## Problem to work on
Each line starting at the one that contains "#11,#12)) REPRESENTATION_CONTEXT('',''));" and ending at the one that contains "#26=DIRECTION('',(0.,0.,1.));" must be returned exactly, and the rest of the listing is left out.

## Exercise data
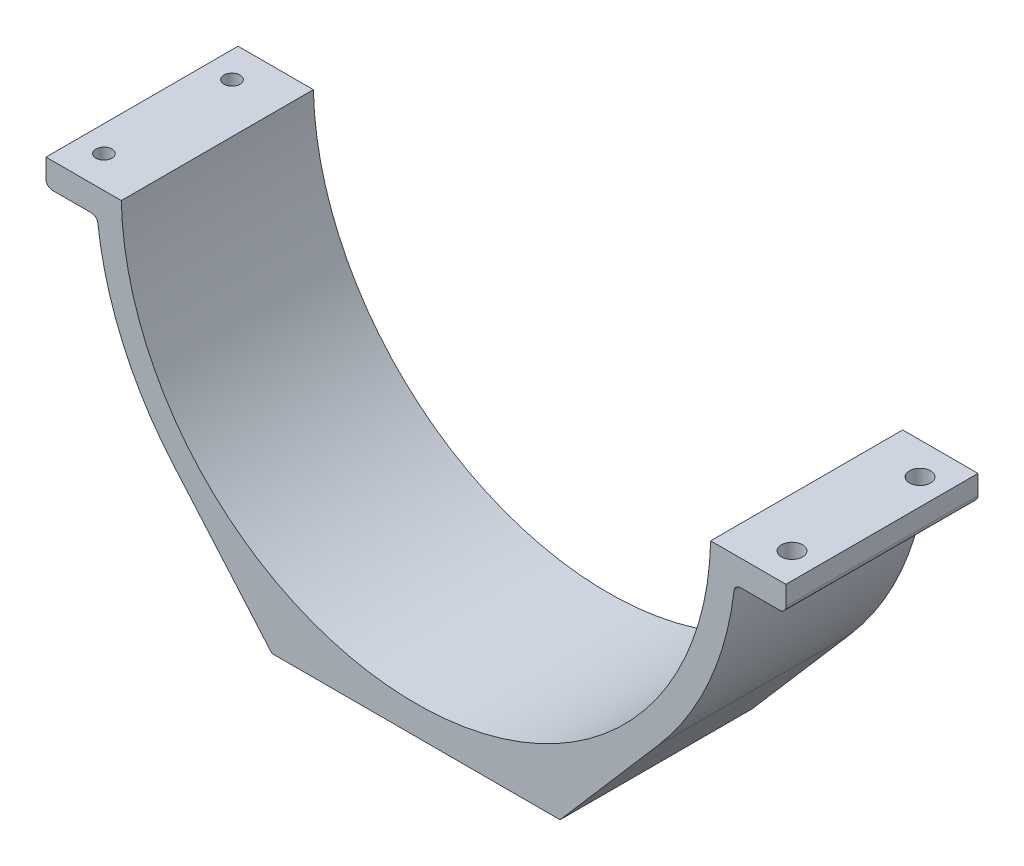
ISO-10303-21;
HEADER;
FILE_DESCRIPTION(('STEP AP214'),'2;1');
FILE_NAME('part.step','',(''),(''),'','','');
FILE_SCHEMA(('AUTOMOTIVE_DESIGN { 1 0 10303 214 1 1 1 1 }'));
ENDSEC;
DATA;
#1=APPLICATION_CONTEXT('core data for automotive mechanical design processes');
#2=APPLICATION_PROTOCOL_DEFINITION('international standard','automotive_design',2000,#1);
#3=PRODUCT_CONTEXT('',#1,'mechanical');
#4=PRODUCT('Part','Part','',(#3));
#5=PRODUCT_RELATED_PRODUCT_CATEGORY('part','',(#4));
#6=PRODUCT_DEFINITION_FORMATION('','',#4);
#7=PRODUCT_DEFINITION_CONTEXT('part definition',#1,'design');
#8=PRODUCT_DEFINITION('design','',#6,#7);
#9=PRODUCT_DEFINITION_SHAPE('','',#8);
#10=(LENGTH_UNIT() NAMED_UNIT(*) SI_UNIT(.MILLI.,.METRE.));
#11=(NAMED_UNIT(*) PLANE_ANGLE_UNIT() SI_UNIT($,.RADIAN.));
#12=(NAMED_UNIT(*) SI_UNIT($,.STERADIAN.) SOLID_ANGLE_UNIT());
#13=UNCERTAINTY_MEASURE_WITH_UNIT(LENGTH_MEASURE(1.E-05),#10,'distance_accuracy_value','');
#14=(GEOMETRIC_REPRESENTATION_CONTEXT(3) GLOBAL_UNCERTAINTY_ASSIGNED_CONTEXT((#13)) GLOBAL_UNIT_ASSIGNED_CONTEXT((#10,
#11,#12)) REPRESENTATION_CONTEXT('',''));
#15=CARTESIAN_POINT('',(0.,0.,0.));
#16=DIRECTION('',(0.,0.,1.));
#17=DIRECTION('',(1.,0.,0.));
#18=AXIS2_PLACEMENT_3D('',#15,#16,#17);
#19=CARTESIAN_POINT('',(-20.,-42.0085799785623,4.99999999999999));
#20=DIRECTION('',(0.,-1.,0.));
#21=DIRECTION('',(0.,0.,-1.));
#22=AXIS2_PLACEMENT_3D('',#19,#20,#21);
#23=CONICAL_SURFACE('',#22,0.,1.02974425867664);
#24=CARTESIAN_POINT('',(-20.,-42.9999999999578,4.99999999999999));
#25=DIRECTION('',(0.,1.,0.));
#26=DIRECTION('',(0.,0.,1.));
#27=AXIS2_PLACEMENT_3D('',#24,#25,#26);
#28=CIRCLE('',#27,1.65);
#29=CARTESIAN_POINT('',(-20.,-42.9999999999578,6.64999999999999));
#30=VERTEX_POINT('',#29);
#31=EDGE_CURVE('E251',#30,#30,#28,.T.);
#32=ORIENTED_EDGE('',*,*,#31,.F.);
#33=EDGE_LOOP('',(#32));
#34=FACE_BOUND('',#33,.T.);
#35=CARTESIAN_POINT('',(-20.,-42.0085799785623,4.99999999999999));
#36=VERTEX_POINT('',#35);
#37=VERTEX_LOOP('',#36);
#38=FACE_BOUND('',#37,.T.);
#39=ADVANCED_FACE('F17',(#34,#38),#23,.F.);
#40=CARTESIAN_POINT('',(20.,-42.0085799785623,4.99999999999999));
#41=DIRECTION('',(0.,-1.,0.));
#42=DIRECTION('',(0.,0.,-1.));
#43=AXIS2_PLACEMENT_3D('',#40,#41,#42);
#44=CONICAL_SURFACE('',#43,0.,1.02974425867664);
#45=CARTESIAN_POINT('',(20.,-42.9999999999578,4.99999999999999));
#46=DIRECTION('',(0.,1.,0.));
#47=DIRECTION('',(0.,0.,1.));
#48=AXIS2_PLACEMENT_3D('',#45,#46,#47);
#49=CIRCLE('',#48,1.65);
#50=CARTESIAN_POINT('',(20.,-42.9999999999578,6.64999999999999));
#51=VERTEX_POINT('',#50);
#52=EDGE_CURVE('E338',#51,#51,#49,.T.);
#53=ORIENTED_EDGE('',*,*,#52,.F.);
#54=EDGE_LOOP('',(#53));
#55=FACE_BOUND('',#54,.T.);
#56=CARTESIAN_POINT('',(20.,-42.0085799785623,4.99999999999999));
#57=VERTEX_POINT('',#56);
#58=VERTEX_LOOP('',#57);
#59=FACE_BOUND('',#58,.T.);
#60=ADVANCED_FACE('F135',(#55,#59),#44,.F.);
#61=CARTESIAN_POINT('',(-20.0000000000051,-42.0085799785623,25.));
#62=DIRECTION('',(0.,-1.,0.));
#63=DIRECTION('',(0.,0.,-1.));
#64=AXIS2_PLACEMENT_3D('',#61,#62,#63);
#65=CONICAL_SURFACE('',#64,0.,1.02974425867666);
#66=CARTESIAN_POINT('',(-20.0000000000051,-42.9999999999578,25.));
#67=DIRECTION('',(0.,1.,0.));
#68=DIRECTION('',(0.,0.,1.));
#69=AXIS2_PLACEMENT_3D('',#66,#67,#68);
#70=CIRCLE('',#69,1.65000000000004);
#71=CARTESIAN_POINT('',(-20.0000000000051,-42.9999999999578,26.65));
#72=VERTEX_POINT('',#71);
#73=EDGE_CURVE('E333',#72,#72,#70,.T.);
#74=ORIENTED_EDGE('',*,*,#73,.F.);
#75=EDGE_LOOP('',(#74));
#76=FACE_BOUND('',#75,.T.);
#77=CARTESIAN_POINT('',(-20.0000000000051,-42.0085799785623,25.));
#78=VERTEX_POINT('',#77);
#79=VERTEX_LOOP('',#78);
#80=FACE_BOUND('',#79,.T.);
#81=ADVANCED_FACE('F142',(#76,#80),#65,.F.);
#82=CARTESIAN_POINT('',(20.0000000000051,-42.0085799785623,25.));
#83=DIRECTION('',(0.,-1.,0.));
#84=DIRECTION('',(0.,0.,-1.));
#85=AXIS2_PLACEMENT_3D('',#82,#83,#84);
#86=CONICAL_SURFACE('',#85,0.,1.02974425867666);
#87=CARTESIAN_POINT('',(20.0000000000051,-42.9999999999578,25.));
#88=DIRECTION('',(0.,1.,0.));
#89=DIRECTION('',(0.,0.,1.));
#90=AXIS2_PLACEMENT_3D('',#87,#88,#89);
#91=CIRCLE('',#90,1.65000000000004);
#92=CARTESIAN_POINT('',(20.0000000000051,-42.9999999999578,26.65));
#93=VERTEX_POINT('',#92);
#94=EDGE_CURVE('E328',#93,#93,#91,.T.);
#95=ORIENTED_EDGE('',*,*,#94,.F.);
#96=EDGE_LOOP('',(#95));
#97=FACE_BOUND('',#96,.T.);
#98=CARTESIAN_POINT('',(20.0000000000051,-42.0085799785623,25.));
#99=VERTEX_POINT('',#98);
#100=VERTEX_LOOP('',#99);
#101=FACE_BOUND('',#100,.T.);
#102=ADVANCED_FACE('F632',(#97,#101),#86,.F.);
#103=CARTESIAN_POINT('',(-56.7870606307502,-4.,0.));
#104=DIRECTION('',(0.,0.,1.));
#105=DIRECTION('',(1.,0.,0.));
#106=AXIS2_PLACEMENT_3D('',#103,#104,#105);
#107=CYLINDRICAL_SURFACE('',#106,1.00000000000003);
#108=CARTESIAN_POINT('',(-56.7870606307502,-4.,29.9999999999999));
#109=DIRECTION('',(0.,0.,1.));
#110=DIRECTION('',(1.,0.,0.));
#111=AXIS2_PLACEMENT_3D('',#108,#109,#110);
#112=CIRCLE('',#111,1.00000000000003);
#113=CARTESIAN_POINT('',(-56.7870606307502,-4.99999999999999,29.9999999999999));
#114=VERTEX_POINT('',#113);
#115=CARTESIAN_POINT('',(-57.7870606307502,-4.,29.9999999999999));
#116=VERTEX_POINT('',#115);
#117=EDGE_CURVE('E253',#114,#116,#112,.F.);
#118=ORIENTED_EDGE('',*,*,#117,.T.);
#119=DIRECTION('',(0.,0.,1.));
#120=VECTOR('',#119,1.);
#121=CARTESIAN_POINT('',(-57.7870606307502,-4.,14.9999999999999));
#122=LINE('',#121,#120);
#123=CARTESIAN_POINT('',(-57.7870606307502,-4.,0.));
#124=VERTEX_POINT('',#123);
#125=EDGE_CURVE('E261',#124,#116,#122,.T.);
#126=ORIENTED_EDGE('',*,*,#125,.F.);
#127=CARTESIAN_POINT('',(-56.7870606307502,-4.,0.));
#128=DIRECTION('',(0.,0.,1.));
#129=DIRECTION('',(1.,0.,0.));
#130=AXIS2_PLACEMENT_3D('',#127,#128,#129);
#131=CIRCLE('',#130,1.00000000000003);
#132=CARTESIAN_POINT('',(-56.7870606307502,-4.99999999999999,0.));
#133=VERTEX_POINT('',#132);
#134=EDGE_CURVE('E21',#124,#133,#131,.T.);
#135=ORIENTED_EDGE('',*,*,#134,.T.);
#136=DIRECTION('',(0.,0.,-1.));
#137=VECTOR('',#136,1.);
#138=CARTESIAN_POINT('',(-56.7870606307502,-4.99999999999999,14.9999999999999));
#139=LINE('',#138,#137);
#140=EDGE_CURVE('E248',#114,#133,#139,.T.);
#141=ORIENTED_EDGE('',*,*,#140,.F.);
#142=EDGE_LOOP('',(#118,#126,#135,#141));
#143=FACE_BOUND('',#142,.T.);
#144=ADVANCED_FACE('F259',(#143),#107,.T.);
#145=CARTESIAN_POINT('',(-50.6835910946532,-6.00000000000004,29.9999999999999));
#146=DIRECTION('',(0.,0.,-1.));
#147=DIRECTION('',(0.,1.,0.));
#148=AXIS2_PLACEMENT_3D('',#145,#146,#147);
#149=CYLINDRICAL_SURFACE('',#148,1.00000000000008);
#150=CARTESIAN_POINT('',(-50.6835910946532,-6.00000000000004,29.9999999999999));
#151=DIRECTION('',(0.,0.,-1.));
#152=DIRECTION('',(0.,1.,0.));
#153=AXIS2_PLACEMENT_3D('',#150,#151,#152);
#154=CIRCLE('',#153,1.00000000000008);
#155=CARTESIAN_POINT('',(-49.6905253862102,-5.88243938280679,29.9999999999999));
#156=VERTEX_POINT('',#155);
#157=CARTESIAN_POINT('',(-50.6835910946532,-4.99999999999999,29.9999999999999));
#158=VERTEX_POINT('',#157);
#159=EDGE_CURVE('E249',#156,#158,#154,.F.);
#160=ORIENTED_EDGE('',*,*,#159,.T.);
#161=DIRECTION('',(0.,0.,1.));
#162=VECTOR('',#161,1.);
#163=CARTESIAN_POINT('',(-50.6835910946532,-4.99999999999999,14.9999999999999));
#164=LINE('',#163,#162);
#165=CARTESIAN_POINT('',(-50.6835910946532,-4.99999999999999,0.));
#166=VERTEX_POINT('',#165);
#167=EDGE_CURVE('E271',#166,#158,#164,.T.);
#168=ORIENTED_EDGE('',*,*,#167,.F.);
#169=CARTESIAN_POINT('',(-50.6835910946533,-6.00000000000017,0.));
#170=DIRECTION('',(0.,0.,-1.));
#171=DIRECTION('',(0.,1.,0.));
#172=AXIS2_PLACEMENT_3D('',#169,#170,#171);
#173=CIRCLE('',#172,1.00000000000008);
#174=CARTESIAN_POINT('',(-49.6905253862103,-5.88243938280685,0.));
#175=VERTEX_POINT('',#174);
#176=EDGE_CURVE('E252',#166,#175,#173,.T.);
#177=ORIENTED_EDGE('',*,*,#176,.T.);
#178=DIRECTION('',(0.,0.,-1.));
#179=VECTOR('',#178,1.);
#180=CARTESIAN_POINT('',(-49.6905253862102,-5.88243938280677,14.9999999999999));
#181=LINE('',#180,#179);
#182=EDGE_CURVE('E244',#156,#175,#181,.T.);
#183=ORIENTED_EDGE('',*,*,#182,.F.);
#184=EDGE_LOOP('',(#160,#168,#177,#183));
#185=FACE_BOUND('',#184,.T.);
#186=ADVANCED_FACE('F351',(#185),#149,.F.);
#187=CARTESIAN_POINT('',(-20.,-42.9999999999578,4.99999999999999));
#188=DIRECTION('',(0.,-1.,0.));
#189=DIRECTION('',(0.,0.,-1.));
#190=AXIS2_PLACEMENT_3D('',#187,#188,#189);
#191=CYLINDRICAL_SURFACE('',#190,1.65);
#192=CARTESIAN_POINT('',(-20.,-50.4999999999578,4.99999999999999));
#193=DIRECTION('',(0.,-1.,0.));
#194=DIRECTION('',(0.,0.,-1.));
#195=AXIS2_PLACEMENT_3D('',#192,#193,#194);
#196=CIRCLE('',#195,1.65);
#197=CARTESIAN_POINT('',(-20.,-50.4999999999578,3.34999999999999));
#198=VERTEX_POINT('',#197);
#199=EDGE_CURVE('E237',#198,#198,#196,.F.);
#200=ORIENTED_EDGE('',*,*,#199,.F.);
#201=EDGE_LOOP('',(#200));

## Response below
#11,#12)) REPRESENTATION_CONTEXT('',''));
#15=CARTESIAN_POINT('',(0.,0.,0.));
#16=DIRECTION('',(0.,0.,1.));
#17=DIRECTION('',(1.,0.,0.));
#18=AXIS2_PLACEMENT_3D('',#15,#16,#17);
#19=CARTESIAN_POINT('',(-20.,-42.0085799785623,4.99999999999999));
#20=DIRECTION('',(0.,-1.,0.));
#21=DIRECTION('',(0.,0.,-1.));
#22=AXIS2_PLACEMENT_3D('',#19,#20,#21);
#23=CONICAL_SURFACE('',#22,0.,1.02974425867664);
#24=CARTESIAN_POINT('',(-20.,-42.9999999999578,4.99999999999999));
#25=DIRECTION('',(0.,1.,0.));
#26=DIRECTION('',(0.,0.,1.));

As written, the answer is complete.